[Collected data entries]
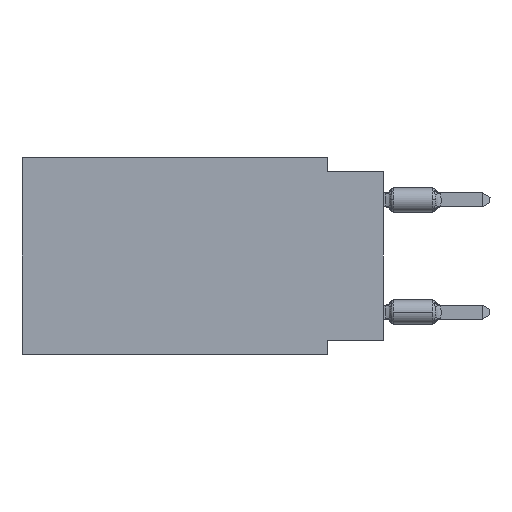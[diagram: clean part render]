
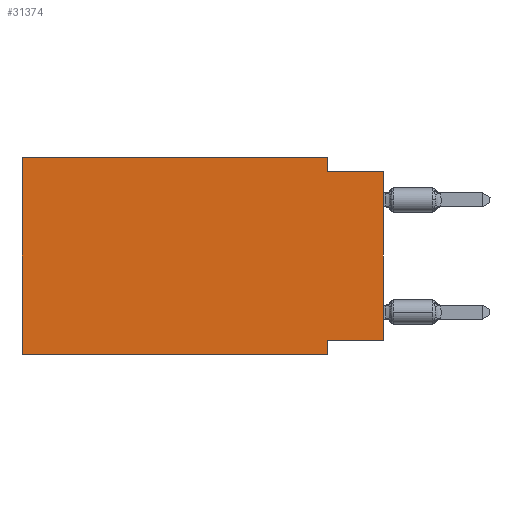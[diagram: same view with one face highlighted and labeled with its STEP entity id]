
A CAD part, left-side view. The second image highlights one B-rep face of the part: STEP entity #31374.
In plain terms, the highlighted planar face has unit normal (-1, 0, 0).
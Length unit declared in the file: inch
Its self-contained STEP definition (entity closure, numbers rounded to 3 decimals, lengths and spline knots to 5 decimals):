
#43 = CARTESIAN_POINT ( 'NONE',  ( 0., 0.645, 0. ) ) ;
#902 = ORIENTED_EDGE ( 'NONE', *, *, #31874, .F. ) ;
#2654 = VECTOR ( 'NONE', #25480, 39.37008 ) ;
#2700 = EDGE_CURVE ( 'NONE', #12776, #23364, #9412, .T. ) ;
#2779 = LINE ( 'NONE', #20358, #36338 ) ;
#4063 = DIRECTION ( 'NONE',  ( 0., -1., 0. ) ) ;
#4248 = CARTESIAN_POINT ( 'NONE',  ( 0., 0., -0.025 ) ) ;
#4937 = ORIENTED_EDGE ( 'NONE', *, *, #2700, .F. ) ;
#4958 = EDGE_CURVE ( 'NONE', #19361, #23238, #32748, .T. ) ;
#6671 = CARTESIAN_POINT ( 'NONE',  ( 0., 0.1, -0.325 ) ) ;
#6972 = CARTESIAN_POINT ( 'NONE',  ( 0., 0., -0.325 ) ) ;
#7197 = ORIENTED_EDGE ( 'NONE', *, *, #10730, .T. ) ;
#7682 = DIRECTION ( 'NONE',  ( 0., -1., 0. ) ) ;
#8615 = LINE ( 'NONE', #23185, #9421 ) ;
#9412 = LINE ( 'NONE', #31935, #18954 ) ;
#9421 = VECTOR ( 'NONE', #14864, 39.37008 ) ;
#9708 = CARTESIAN_POINT ( 'NONE',  ( 0., 0.645, 0. ) ) ;
#10515 = LINE ( 'NONE', #13357, #35281 ) ;
#10730 = EDGE_CURVE ( 'NONE', #28833, #20656, #10515, .T. ) ;
#12426 = VECTOR ( 'NONE', #29102, 39.37008 ) ;
#12471 = LINE ( 'NONE', #20610, #12426 ) ;
#12776 = VERTEX_POINT ( 'NONE', #6972 ) ;
#13357 = CARTESIAN_POINT ( 'NONE',  ( 0., 0.645, -0.35 ) ) ;
#14005 = FACE_OUTER_BOUND ( 'NONE', #22255, .T. ) ;
#14147 = CARTESIAN_POINT ( 'NONE',  ( 0., 0.645, 0. ) ) ;
#14864 = DIRECTION ( 'NONE',  ( 0., 0., -1. ) ) ;
#15437 = ORIENTED_EDGE ( 'NONE', *, *, #37006, .T. ) ;
#16189 = CARTESIAN_POINT ( 'NONE',  ( 0., 0.1, -0.35 ) ) ;
#18954 = VECTOR ( 'NONE', #23614, 39.37008 ) ;
#19361 = VERTEX_POINT ( 'NONE', #27482 ) ;
#19994 = ORIENTED_EDGE ( 'NONE', *, *, #35854, .F. ) ;
#20006 = LINE ( 'NONE', #14147, #2654 ) ;
#20245 = DIRECTION ( 'NONE',  ( 0., 0., -1. ) ) ;
#20358 = CARTESIAN_POINT ( 'NONE',  ( 0., 0., 0. ) ) ;
#20525 = LINE ( 'NONE', #9708, #27566 ) ;
#20610 = CARTESIAN_POINT ( 'NONE',  ( 0., 0.1, -0.35 ) ) ;
#20656 = VERTEX_POINT ( 'NONE', #16189 ) ;
#22255 = EDGE_LOOP ( 'NONE', ( #15437, #25904, #19994, #902, #37209, #7197, #23996, #4937 ) ) ;
#22957 = CARTESIAN_POINT ( 'NONE',  ( 0., 0., -0.025 ) ) ;
#23185 = CARTESIAN_POINT ( 'NONE',  ( 0., 0.1, 0. ) ) ;
#23238 = VERTEX_POINT ( 'NONE', #22957 ) ;
#23364 = VERTEX_POINT ( 'NONE', #6671 ) ;
#23614 = DIRECTION ( 'NONE',  ( 0., 1., 0. ) ) ;
#23996 = ORIENTED_EDGE ( 'NONE', *, *, #30242, .F. ) ;
#24051 = VERTEX_POINT ( 'NONE', #30287 ) ;
#24959 = CARTESIAN_POINT ( 'NONE',  ( 0., 0.645, 0. ) ) ;
#25005 = EDGE_CURVE ( 'NONE', #28833, #33551, #20525, .T. ) ;
#25480 = DIRECTION ( 'NONE',  ( 0., -1., 0. ) ) ;
#25524 = DIRECTION ( 'NONE',  ( 1., 0., 0. ) ) ;
#25904 = ORIENTED_EDGE ( 'NONE', *, *, #4958, .F. ) ;
#25933 = PLANE ( 'NONE',  #31605 ) ;
#26198 = DIRECTION ( 'NONE',  ( 0., 0., 1. ) ) ;
#26333 = VECTOR ( 'NONE', #4063, 39.37008 ) ;
#27482 = CARTESIAN_POINT ( 'NONE',  ( 0., 0.1, -0.025 ) ) ;
#27566 = VECTOR ( 'NONE', #32037, 39.37008 ) ;
#28833 = VERTEX_POINT ( 'NONE', #32388 ) ;
#29102 = DIRECTION ( 'NONE',  ( 0., 0., -1. ) ) ;
#30242 = EDGE_CURVE ( 'NONE', #23364, #20656, #12471, .T. ) ;
#30287 = CARTESIAN_POINT ( 'NONE',  ( 0., 0.1, 0. ) ) ;
#31374 = ADVANCED_FACE ( 'NONE', ( #14005 ), #25933, .F. ) ;
#31605 = AXIS2_PLACEMENT_3D ( 'NONE', #43, #25524, #20245 ) ;
#31874 = EDGE_CURVE ( 'NONE', #33551, #24051, #20006, .T. ) ;
#31935 = CARTESIAN_POINT ( 'NONE',  ( 0., 0., -0.325 ) ) ;
#32037 = DIRECTION ( 'NONE',  ( 0., 0., 1. ) ) ;
#32388 = CARTESIAN_POINT ( 'NONE',  ( 0., 0.645, -0.35 ) ) ;
#32748 = LINE ( 'NONE', #4248, #26333 ) ;
#33551 = VERTEX_POINT ( 'NONE', #24959 ) ;
#35281 = VECTOR ( 'NONE', #7682, 39.37008 ) ;
#35854 = EDGE_CURVE ( 'NONE', #24051, #19361, #8615, .T. ) ;
#36338 = VECTOR ( 'NONE', #26198, 39.37008 ) ;
#37006 = EDGE_CURVE ( 'NONE', #12776, #23238, #2779, .T. ) ;
#37209 = ORIENTED_EDGE ( 'NONE', *, *, #25005, .F. ) ;

Problem requirements:
Starting at the line with "#36338 = VECTOR", copy every line up to and including the last one in the entries above.

Written response:
#36338 = VECTOR ( 'NONE', #26198, 39.37008 ) ;
#37006 = EDGE_CURVE ( 'NONE', #12776, #23238, #2779, .T. ) ;
#37209 = ORIENTED_EDGE ( 'NONE', *, *, #25005, .F. ) ;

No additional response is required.